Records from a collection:
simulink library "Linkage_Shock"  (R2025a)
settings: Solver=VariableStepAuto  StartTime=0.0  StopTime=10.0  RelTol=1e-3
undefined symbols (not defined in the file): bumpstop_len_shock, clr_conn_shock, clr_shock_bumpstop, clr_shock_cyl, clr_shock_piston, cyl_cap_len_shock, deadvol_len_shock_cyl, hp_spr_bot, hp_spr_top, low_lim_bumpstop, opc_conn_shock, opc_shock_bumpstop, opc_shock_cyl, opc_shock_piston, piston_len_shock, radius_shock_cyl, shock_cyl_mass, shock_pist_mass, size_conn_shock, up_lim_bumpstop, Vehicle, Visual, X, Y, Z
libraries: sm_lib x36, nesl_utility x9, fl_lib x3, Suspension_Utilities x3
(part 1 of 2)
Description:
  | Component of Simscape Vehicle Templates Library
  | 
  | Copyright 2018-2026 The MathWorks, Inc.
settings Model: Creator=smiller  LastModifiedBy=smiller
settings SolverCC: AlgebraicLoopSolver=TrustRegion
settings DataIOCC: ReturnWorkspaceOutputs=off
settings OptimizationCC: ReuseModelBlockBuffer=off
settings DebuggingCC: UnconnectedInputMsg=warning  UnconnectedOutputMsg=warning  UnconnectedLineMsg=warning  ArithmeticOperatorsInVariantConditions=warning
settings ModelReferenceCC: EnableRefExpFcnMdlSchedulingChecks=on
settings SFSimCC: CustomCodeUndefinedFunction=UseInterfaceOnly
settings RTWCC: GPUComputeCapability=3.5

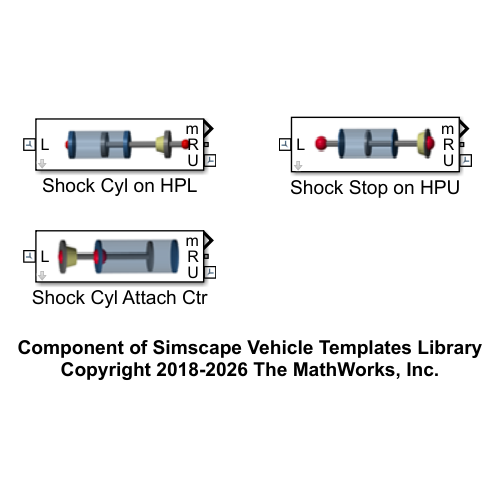
[thumbnail: Simulink's stored preview of the top-level diagram]
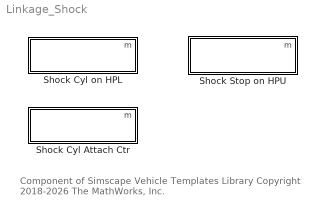
== system Linkage_Shock ==
  note: Component of Simscape Vehicle Templates Library
      | Copyright 2018-2026 The MathWorks, Inc.
  Shock Cyl Attach Ctr : Subsystem  mask(Shock Absorber Parts){shock_pist_mass=Vehicle.Chassis.SuspA1.AxleTA2PR.Shock.mPiston.Value, shock_cyl_mass=Vehicle.Chassis.SuspA1.AxleTA2PR.Shock.mCylinder.Value, hp_spr_top=Vehicle.Chassis.SuspA1.AxleTA2PR.Shock.sTop.Value, hp_spr_bot=Vehicle.Chassis.SuspA1.AxleTA2PR.Shock.sBottom.Value, up_lim_bumpstop=Vehicle.Chassis.SuspA1.AxleTA2PR.Endstop.xMax.Value, low_lim_bumpstop=Vehicle.Chassis.SuspA1.AxleTA2PR.Endstop.xMin.Value, clr_conn_shock=Visual.hp.clr, opc_conn_shock=Visual.hp.opc, size_conn_shock=Visual.hp.rad, clr_shock_cyl=Visual.clr.blue, opc_shock_cyl=Visual.part.opc, radius_shock_cyl=0.05, clr_shock_piston=Visual.clr.gray, opc_shock_piston=Visual.part.opc, clr_shock_bumpstop=Visual.clr.yellowpale, opc_shock_bumpstop=Visual.part.opc, deadvol_len_shock_cyl=Visual.Shock.dead_length, piston_len_shock=Visual.Shock.piston.len, cyl_cap_len_shock=Visual.Shock.cap.len, bumpstop_len_shock=Visual.Shock.bumpstop.len}
      mask prompts: shock_pist_mass "Piston Mass (kg)"; shock_cyl_mass "Cylinder Mass (kg)"; hp_spr_top "Spring Top [xyz] (m)"; hp_spr_bot "Spring Bottom [xyz] (m)"; up_lim_bumpstop "Upper Limit Bumpstop (m)"; low_lim_bumpstop "Lower Limit Bumpstop (m)"; deadvol_len_shock_cyl "Dead Volume Height (m)"; piston_len_shock "Piston Length (m)"; cyl_cap_len_shock "Cylinder Cap Length (m)"; bumpstop_len_shock "Bumpstop Length (m)"
      mask help: Models mechanical parts of shock absorber.
      mask init:
      | init_spr_len = norm(hp_spr_top-hp_spr_bot);
      | 
      | rod_length = init_spr_len+abs(up_lim_bumpstop)+piston_len_shock;
      | 
      | bumpstop_xc_rev = [0 0; 0.5 0; 0.7 1; 0 1].*[radius_shock_cyl bumpstop_len_shock];
      | 
      | cyl_wall_length = piston_len_shock+abs(low_lim_bumpstop)+abs(up_lim_bumpstop)+deadvol_len_shock_cyl;
      mask Help: web('sm_car_doc_susp_shock.html')
      mask TypeOptions shock_pist_mass: Piston/Rod/Mass
      mask TypeOptions shock_cyl_mass: Cylinder/Wall/Mass
      mask TypeOptions clr_conn_shock:
      | Vis
      | Spring
      | LA/GraphicDiffuseColor | Vis
      | Spring
      | HP/GraphicDiffuseColor
      mask TypeOptions opc_conn_shock:
      | Vis
      | Spring
      | LA/GraphicOpacity | Vis
      | Spring
      | HP/GraphicOpacity
      mask TypeOptions clr_shock_cyl: Cylinder/Cap Bottom/GraphicDiffuseColor | Cylinder/Cap Top/GraphicDiffuseColor | Cylinder/Wall/GraphicDiffuseColor
      mask TypeOptions clr_shock_piston: Piston/Cap/GraphicDiffuseColor | Piston/Piston/GraphicDiffuseColor | Piston/Rod/GraphicDiffuseColor
      mask TypeOptions opc_shock_piston: Piston/Cap/GraphicOpacity | Piston/Piston/GraphicOpacity | Piston/Rod/GraphicOpacity
      mask TypeOptions clr_shock_bumpstop: Piston/Bumpstop/GraphicDiffuseColor
      mask TypeOptions opc_shock_bumpstop: Piston/Bumpstop/GraphicOpacity
      mask DialogControl cont_shock Prompt: Shock
      mask DialogControl cont_vis_shock Prompt: Visualization
      mask DialogControl text_clr_shock Prompt: Color  [RGB]
      mask DialogControl text_opc_shock Prompt: Opac. (0-1)
      mask DialogControl text_size_shock Prompt: Size (m)
      mask DialogControl text_conn_shock Prompt: Connections
      mask DialogControl text_shock_cyl Prompt: Cylinder
      mask DialogControl text_shock_piston Prompt: Piston
      mask DialogControl text_piston_radius Prompt: <cylinder radius>
      mask DialogControl text_shock_bumpstop Prompt: Bumpstop
      mask DialogControl text_bumpstop_radius Prompt: <cylinder radius>
      mask Display: image('sm_car_vehicle_linkage_shock_hpc_IMAGE.png');
  Shock Cyl on HPL : Subsystem  mask{shock_pist_mass=shock_pist_mass, shock_cyl_mass=shock_cyl_mass, hp_spr_top=hp_spr_top, hp_spr_bot=hp_spr_bot, up_lim_bumpstop=up_lim_bumpstop, low_lim_bumpstop=low_lim_bumpstop, clr_conn_shock=clr_conn_shock, opc_conn_shock=opc_conn_shock, size_conn_shock=size_conn_shock, clr_shock_cyl=clr_shock_cyl, opc_shock_cyl=opc_shock_cyl, radius_shock_cyl=radius_shock_cyl, clr_shock_piston=clr_shock_piston, opc_shock_piston=opc_shock_piston, clr_shock_bumpstop=clr_shock_bumpstop, opc_shock_bumpstop=opc_shock_bumpstop, deadvol_len_shock_cyl=deadvol_len_shock_cyl, piston_len_shock=piston_len_shock, cyl_cap_len_shock=cyl_cap_len_shock, bumpstop_len_shock=bumpstop_len_shock}
      mask prompts: shock_pist_mass "Piston Mass (kg)"; shock_cyl_mass "Cylinder Mass (kg)"; hp_spr_top "Shock Top [xyz] (m)"; hp_spr_bot "Shock Bottom [xyz] (m)"; up_lim_bumpstop "Upper Limit Bumpstop (m)"; low_lim_bumpstop "Lower Limit Bumpstop (m)"; deadvol_len_shock_cyl "Dead Volume Height (m)"; piston_len_shock "Piston Length (m)"; cyl_cap_len_shock "Cylinder Cap Length (m)"; bumpstop_len_shock "Bumpstop Length (m)"
      mask init:
      | init_spr_len = norm(hp_spr_top-hp_spr_bot);
      | 
      | rod_length = init_spr_len-deadvol_len_shock_cyl-cyl_cap_len_shock-abs(low_lim_bumpstop);
      | 
      | bumpstop_xc_rev = [0 0; 0.7 0; 0.9 1; 0 1].*[radius_shock_cyl bumpstop_len_shock];
      | 
      | cyl_wall_length = piston_len_shock+abs(low_lim_bumpstop)+abs(up_lim_bumpstop)+deadvol_len_shock_cyl;
      mask Help: web('sm_car_doc_susp_shock.html')
      mask TypeOptions shock_pist_mass: Piston/Rod/Mass
      mask TypeOptions shock_cyl_mass: Cylinder/Wall/Mass
      mask TypeOptions clr_conn_shock:
      | Vis
      | HP L/GraphicDiffuseColor | Vis
      | HP U/GraphicDiffuseColor
      mask TypeOptions opc_conn_shock:
      | Vis
      | HP L/GraphicOpacity | Vis
      | HP U/GraphicOpacity
      mask TypeOptions clr_shock_cyl: Cylinder/Cap Bottom/GraphicDiffuseColor | Cylinder/Cap Top/GraphicDiffuseColor | Cylinder/Wall/GraphicDiffuseColor
      mask TypeOptions clr_shock_piston: Piston/Cap/GraphicDiffuseColor | Piston/Piston/GraphicDiffuseColor | Piston/Rod/GraphicDiffuseColor
      mask TypeOptions opc_shock_piston: Piston/Cap/GraphicOpacity | Piston/Piston/GraphicOpacity | Piston/Rod/GraphicOpacity
      mask TypeOptions clr_shock_bumpstop: Piston/Bumpstop/GraphicDiffuseColor
      mask TypeOptions opc_shock_bumpstop: Piston/Bumpstop/GraphicOpacity
      mask DialogControl cont_shock Prompt: Shock
      mask DialogControl cont_vis_shock Prompt: Visualization
      mask DialogControl text_blank_shock Prompt: (Add text here)
      mask DialogControl text_clr_shock Prompt: Color  [RGB]
      mask DialogControl text_opc_shock Prompt: Opac. (0-1)
      mask DialogControl text_size_shock Prompt: Size (m)
      mask DialogControl text_conn_shock Prompt: Connections
      mask DialogControl text_shock_cyl Prompt: Cylinder
      mask DialogControl text_shock_piston Prompt: Piston
      mask DialogControl text_piston_radius Prompt: <cylinder radius>
      mask DialogControl text_shock_bumpstop Prompt: Bumpstop
      mask DialogControl text_bumpstop_radius Prompt: <cylinder radius>
      mask Display: image('sm_car_vehicle_linkage_shock_IMAGE.png');
  Shock Stop on HPU : Subsystem  mask{shock_pist_mass=shock_pist_mass, shock_cyl_mass=shock_cyl_mass, hp_spr_top=hp_spr_top, hp_spr_bot=hp_spr_bot, up_lim_bumpstop=up_lim_bumpstop, low_lim_bumpstop=low_lim_bumpstop, clr_conn_shock=clr_conn_shock, opc_conn_shock=opc_conn_shock, size_conn_shock=size_conn_shock, clr_shock_cyl=clr_shock_cyl, opc_shock_cyl=opc_shock_cyl, radius_shock_cyl=radius_shock_cyl, clr_shock_piston=clr_shock_piston, opc_shock_piston=opc_shock_piston, clr_shock_bumpstop=clr_shock_bumpstop, opc_shock_bumpstop=opc_shock_bumpstop, deadvol_len_shock_cyl=deadvol_len_shock_cyl, piston_len_shock=piston_len_shock, cyl_cap_len_shock=cyl_cap_len_shock, bumpstop_len_shock=bumpstop_len_shock}
      mask prompts: shock_pist_mass "Piston Mass (kg)"; shock_cyl_mass "Cylinder Mass (kg)"; hp_spr_top "Shock Top [xyz] (m)"; hp_spr_bot "Shock Bottom [xyz] (m)"; up_lim_bumpstop "Upper Limit Bumpstop (m)"; low_lim_bumpstop "Lower Limit Bumpstop (m)"; deadvol_len_shock_cyl "Dead Volume Height (m)"; piston_len_shock "Piston Length (m)"; cyl_cap_len_shock "Cylinder Cap Length (m)"; bumpstop_len_shock "Bumpstop Length (m)"
      mask init:
      | init_spr_len = norm(hp_spr_top-hp_spr_bot);
      | 
      | rod_length_upper = ...
      | cyl_cap_len_shock + bumpstop_len_shock + abs(low_lim_bumpstop) + ...
      | cyl_cap_len_shock + abs(up_lim_bumpstop) + piston_len_shock;
      | 
      | rod_length_lower = init_spr_len - rod_length_upper - deadvol_len_shock_cyl - cyl_cap_len_shock - abs(low_lim_bumpstop);
      | 
      | bumpstop_xc_rev = [0 0; 0.7 0; 0.9 1; 0 1].*[radius_shock_cyl bumpstop_len_shock];
      | 
      | cyl_wall_length = piston_len_shock+abs(low_lim_bumpstop)+abs(up_lim_bumpstop)+deadvol_len_shock_cyl;
      mask Help: web('sm_car_doc_susp_shock.html')
      mask TypeOptions shock_pist_mass: Piston/Rod/Mass
      mask TypeOptions shock_cyl_mass: Cylinder/Wall/Mass
      mask TypeOptions clr_conn_shock:
      | Vis
      | HP L/GraphicDiffuseColor | Vis
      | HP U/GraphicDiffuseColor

> _Exercise_
Please go through the data above and copy every line that has the word "Simscape".

> _Answer to the exercise_
  | Component of Simscape Vehicle Templates Library
  note: Component of Simscape Vehicle Templates Library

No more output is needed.